# My Climbing Gear



## rwbinbc (Feb 3, 2010)

I have the cheapest setup I could afford, Buckingham spikes, Buckingham saddle, and arborplex ropes. I made a buck strap out of the climbing rope and used a climbing hitch to set the size. Is this sound safe to use? Another ? is my spikes I bought used and the bottom straps dont have the rings in them and they are bearly long enough to use. They seem to loosen up while I'm using them. Should they have the rings in them? I plan on buying some soon. 



Any input Thanks Rob.


----------



## climber338 (Feb 4, 2010)

i think that you should be ok with what you have. If you cut the buckstrap from your climbing line then i would make sure that the ends of the rope will not come undone. As long as your using the correct climbing knots and hitches you should be safe. Your straps for you spikes should be on there already. As far as i know they should be connected to it with that ring that you were talking about. My spikes always tend to get loose after getting 10-20 feet into the tree so i always cinch then back up once im in a good spot. Be safe and have fun.


----------



## RacerX (Feb 4, 2010)

Replacement straps aren't that expensive so if the ones that you have a are a problem then you should replace them. Are you using those spurs for removals?


----------



## rwbinbc (Feb 4, 2010)

*Here is what it looks like*

Hope This is safe. I have used it just wanting anyone's ideals


----------



## rwbinbc (Feb 4, 2010)

Yes I use them for removal only, I want a set of acsenders for triming.


----------



## oscar4883 (Feb 4, 2010)

I like a thimble on the end of my lanyard were it hooks to the snap. Some snaps, can't quite tell on yours, can be a little sharp for my liking were the rope feeds thru.


----------



## tree md (Feb 4, 2010)

Buckstrap looks good to me. I have made a many of them just like that.

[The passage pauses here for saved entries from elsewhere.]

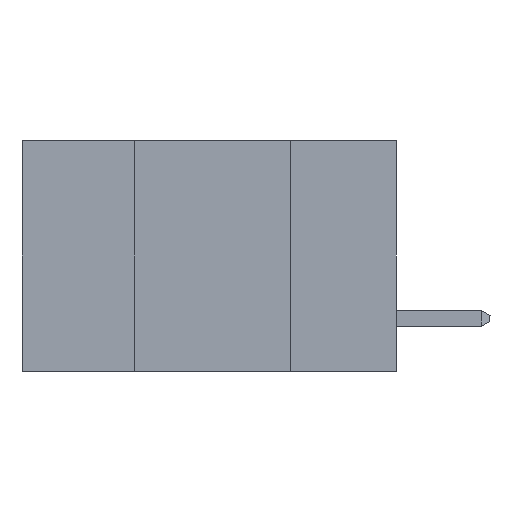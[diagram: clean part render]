
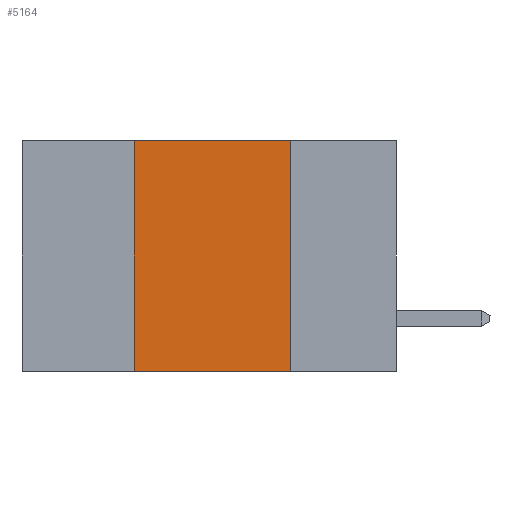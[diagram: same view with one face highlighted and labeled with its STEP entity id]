
A CAD part, left-side view. The second image highlights one B-rep face of the part: STEP entity #5164.
In plain terms, the highlighted planar face has unit normal (-1, 0, 0).
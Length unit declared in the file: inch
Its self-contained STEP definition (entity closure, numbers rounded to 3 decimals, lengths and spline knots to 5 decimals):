
#746 = VECTOR ( 'NONE', #10702, 39.37008 ) ;
#958 = PLANE ( 'NONE',  #7879 ) ;
#1180 = VECTOR ( 'NONE', #1746, 39.37008 ) ;
#1189 = LINE ( 'NONE', #9184, #1419 ) ;
#1419 = VECTOR ( 'NONE', #4919, 39.37008 ) ;
#1616 = VERTEX_POINT ( 'NONE', #3030 ) ;
#1746 = DIRECTION ( 'NONE',  ( 0., 0., -1. ) ) ;
#1819 = CARTESIAN_POINT ( 'NONE',  ( 0., 0.6, 0. ) ) ;
#2178 = EDGE_CURVE ( 'NONE', #7211, #1616, #9741, .T. ) ;
#2598 = DIRECTION ( 'NONE',  ( 0., -1., 0. ) ) ;
#2950 = ORIENTED_EDGE ( 'NONE', *, *, #2178, .F. ) ;
#3030 = CARTESIAN_POINT ( 'NONE',  ( 0., 0.17, -0.37 ) ) ;
#3141 = DIRECTION ( 'NONE',  ( 0., 0., -1. ) ) ;
#3342 = ORIENTED_EDGE ( 'NONE', *, *, #6121, .F. ) ;
#3790 = VERTEX_POINT ( 'NONE', #3863 ) ;
#3863 = CARTESIAN_POINT ( 'NONE',  ( 0., 0.42, -0.37 ) ) ;
#3904 = CARTESIAN_POINT ( 'NONE',  ( 0., 0.42, 0. ) ) ;
#4081 = CARTESIAN_POINT ( 'NONE',  ( 0., 0.42, 0. ) ) ;
#4170 = FACE_OUTER_BOUND ( 'NONE', #4269, .T. ) ;
#4269 = EDGE_LOOP ( 'NONE', ( #2950, #3342, #10322, #8119 ) ) ;
#4324 = EDGE_CURVE ( 'NONE', #3790, #1616, #1189, .T. ) ;
#4408 = DIRECTION ( 'NONE',  ( 1., 0., 0. ) ) ;
#4919 = DIRECTION ( 'NONE',  ( 0., -1., 0. ) ) ;
#5164 = ADVANCED_FACE ( 'NONE', ( #4170 ), #958, .F. ) ;
#5236 = VERTEX_POINT ( 'NONE', #4081 ) ;
#6121 = EDGE_CURVE ( 'NONE', #5236, #7211, #9352, .T. ) ;
#7211 = VERTEX_POINT ( 'NONE', #7391 ) ;
#7391 = CARTESIAN_POINT ( 'NONE',  ( 0., 0.17, 0. ) ) ;
#7879 = AXIS2_PLACEMENT_3D ( 'NONE', #1819, #4408, #3141 ) ;
#8119 = ORIENTED_EDGE ( 'NONE', *, *, #4324, .T. ) ;
#8543 = CARTESIAN_POINT ( 'NONE',  ( 0., 0.6, 0. ) ) ;
#8625 = CARTESIAN_POINT ( 'NONE',  ( 0., 0.17, 0. ) ) ;
#9184 = CARTESIAN_POINT ( 'NONE',  ( 0., 0.6, -0.37 ) ) ;
#9352 = LINE ( 'NONE', #8543, #10685 ) ;
#9583 = LINE ( 'NONE', #3904, #746 ) ;
#9741 = LINE ( 'NONE', #8625, #1180 ) ;
#10322 = ORIENTED_EDGE ( 'NONE', *, *, #10882, .F. ) ;
#10685 = VECTOR ( 'NONE', #2598, 39.37008 ) ;
#10702 = DIRECTION ( 'NONE',  ( 0., 0., 1. ) ) ;
#10882 = EDGE_CURVE ( 'NONE', #3790, #5236, #9583, .T. ) ;
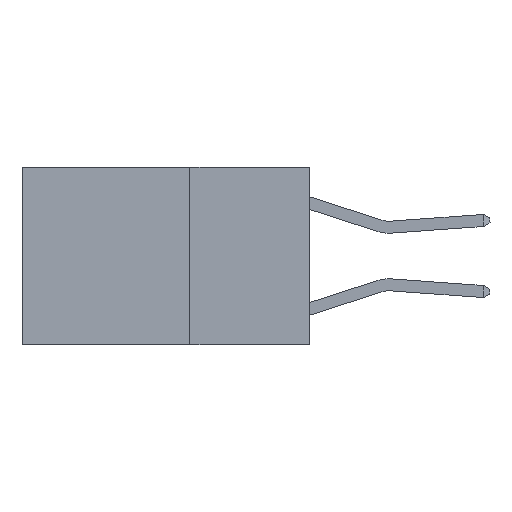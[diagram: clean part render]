
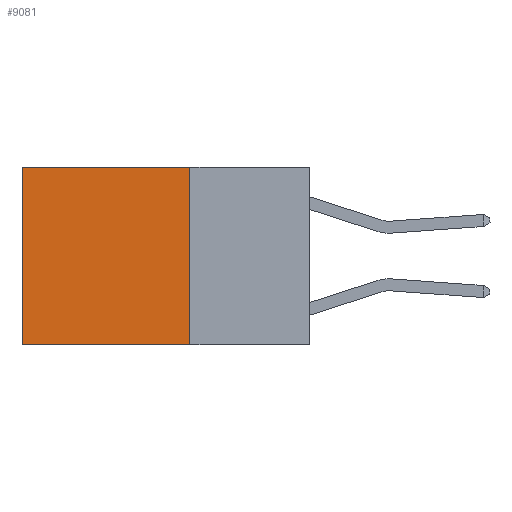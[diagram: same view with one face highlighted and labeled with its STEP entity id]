
A CAD part, left-side view. The second image highlights one B-rep face of the part: STEP entity #9081.
In plain terms, the highlighted planar face has unit normal (-1, 0, 0).
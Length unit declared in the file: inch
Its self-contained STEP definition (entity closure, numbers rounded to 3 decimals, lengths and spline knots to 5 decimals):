
#100 = DIRECTION ( 'NONE',  ( 1., 0., 0. ) ) ;
#103 = LINE ( 'NONE', #3498, #7928 ) ;
#367 = CARTESIAN_POINT ( 'NONE',  ( 0.2625, 0.25, -0.37 ) ) ;
#482 = EDGE_LOOP ( 'NONE', ( #1063, #10633, #6347, #9431 ) ) ;
#574 = EDGE_CURVE ( 'NONE', #5185, #8686, #3122, .T. ) ;
#787 = CARTESIAN_POINT ( 'NONE',  ( 0.2625, 0.6, -0.37 ) ) ;
#851 = VECTOR ( 'NONE', #7286, 39.37008 ) ;
#875 = DIRECTION ( 'NONE',  ( 0., 1., 0. ) ) ;
#1063 = ORIENTED_EDGE ( 'NONE', *, *, #9723, .T. ) ;
#1374 = CARTESIAN_POINT ( 'NONE',  ( 0.2625, 0.6, 0. ) ) ;
#1443 = CARTESIAN_POINT ( 'NONE',  ( 0.2625, 0.25, 0. ) ) ;
#1488 = CARTESIAN_POINT ( 'NONE',  ( 0.2625, 0.25, 0. ) ) ;
#2596 = CARTESIAN_POINT ( 'NONE',  ( 0.2625, 0.25, -0.37 ) ) ;
#3122 = LINE ( 'NONE', #5515, #851 ) ;
#3498 = CARTESIAN_POINT ( 'NONE',  ( 0.2625, 0.6, 0. ) ) ;
#4278 = PLANE ( 'NONE',  #8268 ) ;
#4730 = EDGE_CURVE ( 'NONE', #5185, #5650, #8327, .T. ) ;
#4867 = DIRECTION ( 'NONE',  ( 0., 1., 0. ) ) ;
#5048 = DIRECTION ( 'NONE',  ( 0., 0., -1. ) ) ;
#5185 = VERTEX_POINT ( 'NONE', #1488 ) ;
#5199 = CARTESIAN_POINT ( 'NONE',  ( 0.2625, 0.25, 0. ) ) ;
#5515 = CARTESIAN_POINT ( 'NONE',  ( 0.2625, 0.25, 0. ) ) ;
#5650 = VERTEX_POINT ( 'NONE', #1374 ) ;
#5926 = LINE ( 'NONE', #2596, #6719 ) ;
#5959 = DIRECTION ( 'NONE',  ( 0., 0., -1. ) ) ;
#6347 = ORIENTED_EDGE ( 'NONE', *, *, #574, .F. ) ;
#6719 = VECTOR ( 'NONE', #875, 39.37008 ) ;
#7286 = DIRECTION ( 'NONE',  ( 0., 0., -1. ) ) ;
#7928 = VECTOR ( 'NONE', #5048, 39.37008 ) ;
#8268 = AXIS2_PLACEMENT_3D ( 'NONE', #5199, #100, #5959 ) ;
#8327 = LINE ( 'NONE', #1443, #10023 ) ;
#8488 = FACE_OUTER_BOUND ( 'NONE', #482, .T. ) ;
#8686 = VERTEX_POINT ( 'NONE', #367 ) ;
#9081 = ADVANCED_FACE ( 'NONE', ( #8488 ), #4278, .F. ) ;
#9431 = ORIENTED_EDGE ( 'NONE', *, *, #4730, .T. ) ;
#9545 = VERTEX_POINT ( 'NONE', #787 ) ;
#9723 = EDGE_CURVE ( 'NONE', #5650, #9545, #103, .T. ) ;
#10023 = VECTOR ( 'NONE', #4867, 39.37008 ) ;
#10255 = EDGE_CURVE ( 'NONE', #8686, #9545, #5926, .T. ) ;
#10633 = ORIENTED_EDGE ( 'NONE', *, *, #10255, .F. ) ;

Tip: when you put your spikes on work your foot up and down before you go up the tree by moving your ankle up and down. This will work any slop in the straps loose and you can then cinch them down tight where they need to be.


----------



## dantiff2 (Feb 4, 2010)

Stihl-O-Matic gave me some awesome advise about spurs. Take one wrap around the spur shank then go around your leg to buckle. This will keep the strap tight and the shank in place. It's much better, but you said your straps are short so you might not be able to do this..My straps are 26" long with the rings already attached.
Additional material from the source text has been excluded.